WORK REQUIRED: Among the entries below, one stretch runs from the line that contains "FILE_DESCRIPTION(('STEP AP214'),'2;1');" through the line that contains "#1=APPLICATION_CONTEXT('core data for". Repeat that stretch exactly, ends included, and only that.

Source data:
□ □ □ □ □ □ □
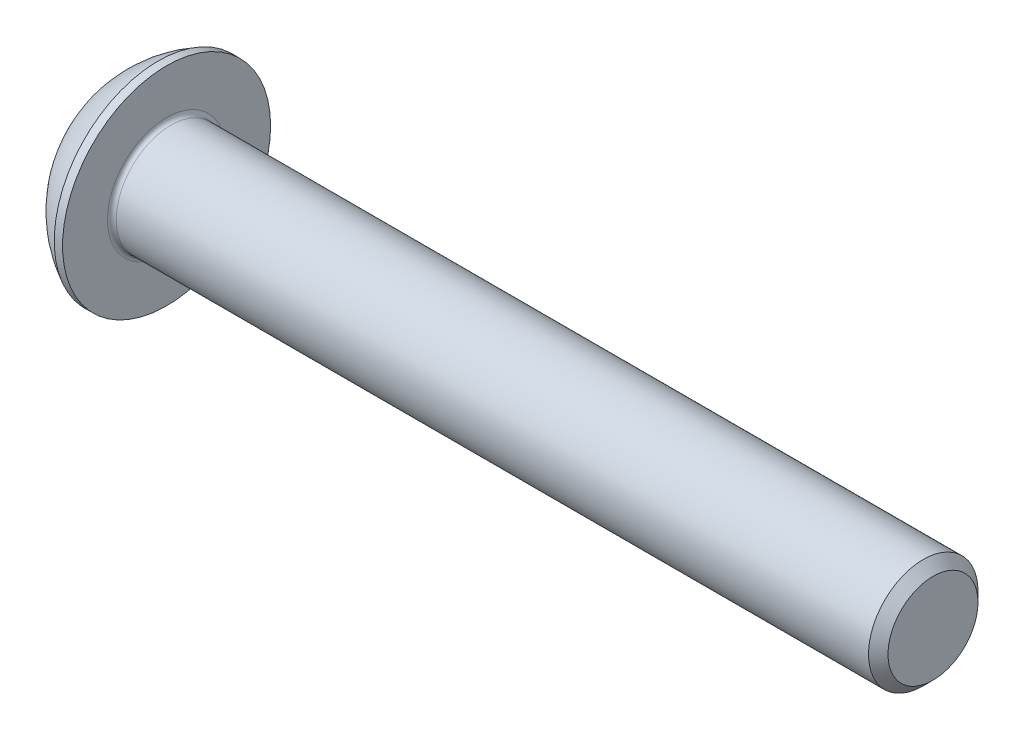
ISO-10303-21;
HEADER;
FILE_DESCRIPTION(('STEP AP214'),'2;1');
FILE_NAME('part.step','',(''),(''),'','','');
FILE_SCHEMA(('AUTOMOTIVE_DESIGN { 1 0 10303 214 1 1 1 1 }'));
ENDSEC;
DATA;
#1=APPLICATION_CONTEXT('core data for automotive mechanical design processes');
#2=APPLICATION_PROTOCOL_DEFINITION('international standard','automotive_design',2000,#1);
#3=PRODUCT_CONTEXT('',#1,'mechanical');
#4=PRODUCT('Part','Part','',(#3));
#5=PRODUCT_RELATED_PRODUCT_CATEGORY('part','',(#4));
#6=PRODUCT_DEFINITION_FORMATION('','',#4);
#7=PRODUCT_DEFINITION_CONTEXT('part definition',#1,'design');
#8=PRODUCT_DEFINITION('design','',#6,#7);
#9=PRODUCT_DEFINITION_SHAPE('','',#8);
#10=(LENGTH_UNIT() NAMED_UNIT(*) SI_UNIT(.MILLI.,.METRE.));
#11=(NAMED_UNIT(*) PLANE_ANGLE_UNIT() SI_UNIT($,.RADIAN.));
#12=(NAMED_UNIT(*) SI_UNIT($,.STERADIAN.) SOLID_ANGLE_UNIT());
#13=UNCERTAINTY_MEASURE_WITH_UNIT(LENGTH_MEASURE(1.E-05),#10,'distance_accuracy_value','');
#14=(GEOMETRIC_REPRESENTATION_CONTEXT(3) GLOBAL_UNCERTAINTY_ASSIGNED_CONTEXT((#13)) GLOBAL_UNIT_ASSIGNED_CONTEXT((#10,
#11,#12)) REPRESENTATION_CONTEXT('',''));
#15=CARTESIAN_POINT('',(0.,0.,0.));
#16=DIRECTION('',(0.,0.,1.));
#17=DIRECTION('',(1.,0.,0.));
#18=AXIS2_PLACEMENT_3D('',#15,#16,#17);
#19=CARTESIAN_POINT('',(4.75485015536768,0.,0.));
#20=DIRECTION('',(1.,0.,0.));
#21=DIRECTION('',(0.,1.,0.));
#22=AXIS2_PLACEMENT_3D('',#19,#20,#21);
#23=SPHERICAL_SURFACE('',#22,5.315);
#24=CARTESIAN_POINT('',(0.,0.,0.));
#25=DIRECTION('',(1.,0.,0.));
#26=DIRECTION('',(0.,0.,-1.));
#27=AXIS2_PLACEMENT_3D('',#24,#25,#26);
#28=CIRCLE('',#27,2.375);
#29=CARTESIAN_POINT('',(0.,0.,-2.375));
#30=VERTEX_POINT('',#29);
#31=EDGE_CURVE('E190',#30,#30,#28,.T.);
#32=ORIENTED_EDGE('',*,*,#31,.T.);
#33=EDGE_LOOP('',(#32));
#34=FACE_BOUND('',#33,.T.);
#35=CARTESIAN_POINT('',(2.37016464151056,0.,0.));
#36=DIRECTION('',(1.,0.,0.));
#37=DIRECTION('',(0.,0.,-1.));
#38=AXIS2_PLACEMENT_3D('',#35,#36,#37);
#39=CIRCLE('',#38,4.75);
#40=CARTESIAN_POINT('',(2.37016464151056,0.,-4.75));
#41=VERTEX_POINT('',#40);
#42=EDGE_CURVE('E177',#41,#41,#39,.T.);
#43=ORIENTED_EDGE('',*,*,#42,.F.);
#44=EDGE_LOOP('',(#43));
#45=FACE_BOUND('',#44,.T.);
#46=ADVANCED_FACE('F34',(#34,#45),#23,.T.);
#47=CARTESIAN_POINT('',(0.,2.375,0.));
#48=DIRECTION('',(-1.,0.,0.));
#49=DIRECTION('',(0.,0.,1.));
#50=AXIS2_PLACEMENT_3D('',#47,#48,#49);
#51=PLANE('',#50);
#52=DIRECTION('',(0.,0.5,-0.866025403784439));
#53=VECTOR('',#52,1.);
#54=CARTESIAN_POINT('',(0.,0.866025403784439,1.5));
#55=LINE('',#54,#53);
#56=CARTESIAN_POINT('',(0.,0.866025403784439,1.5));
#57=VERTEX_POINT('',#56);
#58=CARTESIAN_POINT('',(0.,1.73205080756888,0.));
#59=VERTEX_POINT('',#58);
#60=EDGE_CURVE('E156',#57,#59,#55,.T.);
#61=ORIENTED_EDGE('',*,*,#60,.F.);
#62=DIRECTION('',(0.,1.,0.));
#63=VECTOR('',#62,1.);
#64=CARTESIAN_POINT('',(0.,-0.866025403784438,1.5));
#65=LINE('',#64,#63);
#66=CARTESIAN_POINT('',(0.,-0.866025403784438,1.5));
#67=VERTEX_POINT('',#66);
#68=EDGE_CURVE('E153',#67,#57,#65,.T.);
#69=ORIENTED_EDGE('',*,*,#68,.F.);
#70=DIRECTION('',(0.,0.5,0.866025403784438));
#71=VECTOR('',#70,1.);
#72=CARTESIAN_POINT('',(0.,-1.73205080756888,0.));
#73=LINE('',#72,#71);
#74=CARTESIAN_POINT('',(0.,-1.73205080756888,0.));
#75=VERTEX_POINT('',#74);
#76=EDGE_CURVE('E151',#75,#67,#73,.T.);
#77=ORIENTED_EDGE('',*,*,#76,.F.);
#78=DIRECTION('',(0.,-0.5,0.866025403784438));
#79=VECTOR('',#78,1.);
#80=CARTESIAN_POINT('',(0.,-0.866025403784438,-1.5));
#81=LINE('',#80,#79);
#82=CARTESIAN_POINT('',(0.,-0.866025403784438,-1.5));
#83=VERTEX_POINT('',#82);
#84=EDGE_CURVE('E149',#83,#75,#81,.T.);
#85=ORIENTED_EDGE('',*,*,#84,.F.);
#86=DIRECTION('',(0.,-1.,0.));
#87=VECTOR('',#86,1.);
#88=CARTESIAN_POINT('',(0.,0.866025403784438,-1.5));
#89=LINE('',#88,#87);
#90=CARTESIAN_POINT('',(0.,0.866025403784438,-1.5));
#91=VERTEX_POINT('',#90);
#92=EDGE_CURVE('E123',#91,#83,#89,.T.);
#93=ORIENTED_EDGE('',*,*,#92,.F.);
#94=DIRECTION('',(0.,-0.5,-0.866025403784438));
#95=VECTOR('',#94,1.);
#96=CARTESIAN_POINT('',(0.,1.73205080756888,0.));
#97=LINE('',#96,#95);
#98=EDGE_CURVE('E116',#59,#91,#97,.T.);
#99=ORIENTED_EDGE('',*,*,#98,.F.);
#100=EDGE_LOOP('',(#61,#69,#77,#85,#93,#99));
#101=FACE_BOUND('',#100,.T.);
#102=ORIENTED_EDGE('',*,*,#31,.F.);
#103=EDGE_LOOP('',(#102));
#104=FACE_BOUND('',#103,.T.);
#105=ADVANCED_FACE('F212',(#101,#104),#51,.T.);
#106=CARTESIAN_POINT('',(37.75,0.,0.));
#107=DIRECTION('',(1.,0.,0.));
#108=DIRECTION('',(0.,0.,-1.));
#109=AXIS2_PLACEMENT_3D('',#106,#107,#108);
#110=PLANE('',#109);
#111=CARTESIAN_POINT('',(37.75,0.,0.));
#112=DIRECTION('',(1.,0.,0.));
#113=DIRECTION('',(0.,0.,-1.));
#114=AXIS2_PLACEMENT_3D('',#111,#112,#113);
#115=CIRCLE('',#114,2.05500000000001);
#116=CARTESIAN_POINT('',(37.75,0.,-2.05500000000001));
#117=VERTEX_POINT('',#116);
#118=EDGE_CURVE('E187',#117,#117,#115,.T.);
#119=ORIENTED_EDGE('',*,*,#118,.T.);
#120=EDGE_LOOP('',(#119));
#121=FACE_BOUND('',#120,.T.);
#122=ADVANCED_FACE('F217',(#121),#110,.T.);
#123=CARTESIAN_POINT('',(37.75,0.,0.));
#124=DIRECTION('',(-1.,0.,0.));
#125=DIRECTION('',(0.,0.,1.));
#126=AXIS2_PLACEMENT_3D('',#123,#124,#125);
#127=CONICAL_SURFACE('',#126,2.05500000000001,0.785398163397447);
#128=CARTESIAN_POINT('',(37.305,0.,0.));
#129=DIRECTION('',(1.,0.,0.));
#130=DIRECTION('',(0.,0.,-1.));
#131=AXIS2_PLACEMENT_3D('',#128,#129,#130);
#132=CIRCLE('',#131,2.5);
#133=CARTESIAN_POINT('',(37.305,0.,-2.5));
#134=VERTEX_POINT('',#133);
#135=EDGE_CURVE('E184',#134,#134,#132,.T.);
#136=ORIENTED_EDGE('',*,*,#135,.T.);
#137=EDGE_LOOP('',(#136));
#138=FACE_BOUND('',#137,.T.);
#139=ORIENTED_EDGE('',*,*,#118,.F.);
#140=EDGE_LOOP('',(#139));
#141=FACE_BOUND('',#140,.T.);
#142=ADVANCED_FACE('F224',(#138,#141),#127,.T.);
#143=CARTESIAN_POINT('',(-3.64348996551984,0.,0.));
#144=DIRECTION('',(1.,0.,0.));
#145=DIRECTION('',(0.,0.,-1.));
#146=AXIS2_PLACEMENT_3D('',#143,#144,#145);
#147=CYLINDRICAL_SURFACE('',#146,2.5);
#148=CARTESIAN_POINT('',(2.95,0.,0.));
#149=DIRECTION('',(1.,0.,0.));
#150=DIRECTION('',(0.,0.,-1.));
#151=AXIS2_PLACEMENT_3D('',#148,#149,#150);
#152=CIRCLE('',#151,2.5);
#153=CARTESIAN_POINT('',(2.95,0.,-2.5));
#154=VERTEX_POINT('',#153);
#155=EDGE_CURVE('E42',#154,#154,#152,.T.);
#156=ORIENTED_EDGE('',*,*,#155,.T.);
#157=EDGE_LOOP('',(#156));
#158=FACE_BOUND('',#157,.T.);
#159=ORIENTED_EDGE('',*,*,#135,.F.);
#160=EDGE_LOOP('',(#159));
#161=FACE_BOUND('',#160,.T.);
#162=ADVANCED_FACE('F195',(#158,#161),#147,.T.);
#163=CARTESIAN_POINT('',(2.75,2.5,0.));
#164=DIRECTION('',(1.,0.,0.));
#165=DIRECTION('',(0.,0.,-1.));
#166=AXIS2_PLACEMENT_3D('',#163,#164,#165);
#167=PLANE('',#166);
#168=CARTESIAN_POINT('',(2.75,0.,0.));
#169=DIRECTION('',(1.,0.,0.));
#170=DIRECTION('',(0.,0.,-1.));
#171=AXIS2_PLACEMENT_3D('',#168,#169,#170);
#172=CIRCLE('',#171,2.7);
#173=CARTESIAN_POINT('',(2.75,0.,-2.7));
#174=VERTEX_POINT('',#173);
#175=EDGE_CURVE('E11',#174,#174,#172,.F.);
#176=ORIENTED_EDGE('',*,*,#175,.T.);
#177=EDGE_LOOP('',(#176));
#178=FACE_BOUND('',#177,.T.);
#179=CARTESIAN_POINT('',(2.75,0.,0.));
#180=DIRECTION('',(1.,0.,0.));
#181=DIRECTION('',(0.,0.,-1.));
#182=AXIS2_PLACEMENT_3D('',#179,#180,#181);
#183=CIRCLE('',#182,4.75);
#184=CARTESIAN_POINT('',(2.75,0.,-4.75));
#185=VERTEX_POINT('',#184);
#186=EDGE_CURVE('E181',#185,#185,#183,.T.);
#187=ORIENTED_EDGE('',*,*,#186,.T.);
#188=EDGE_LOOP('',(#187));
□ □ □ □ □ □ □
RESPONSE FOR THIS EXERCISE:
FILE_DESCRIPTION(('STEP AP214'),'2;1');
FILE_NAME('part.step','',(''),(''),'','','');
FILE_SCHEMA(('AUTOMOTIVE_DESIGN { 1 0 10303 214 1 1 1 1 }'));
ENDSEC;
DATA;
#1=APPLICATION_CONTEXT('core data for automotive mechanical design processes');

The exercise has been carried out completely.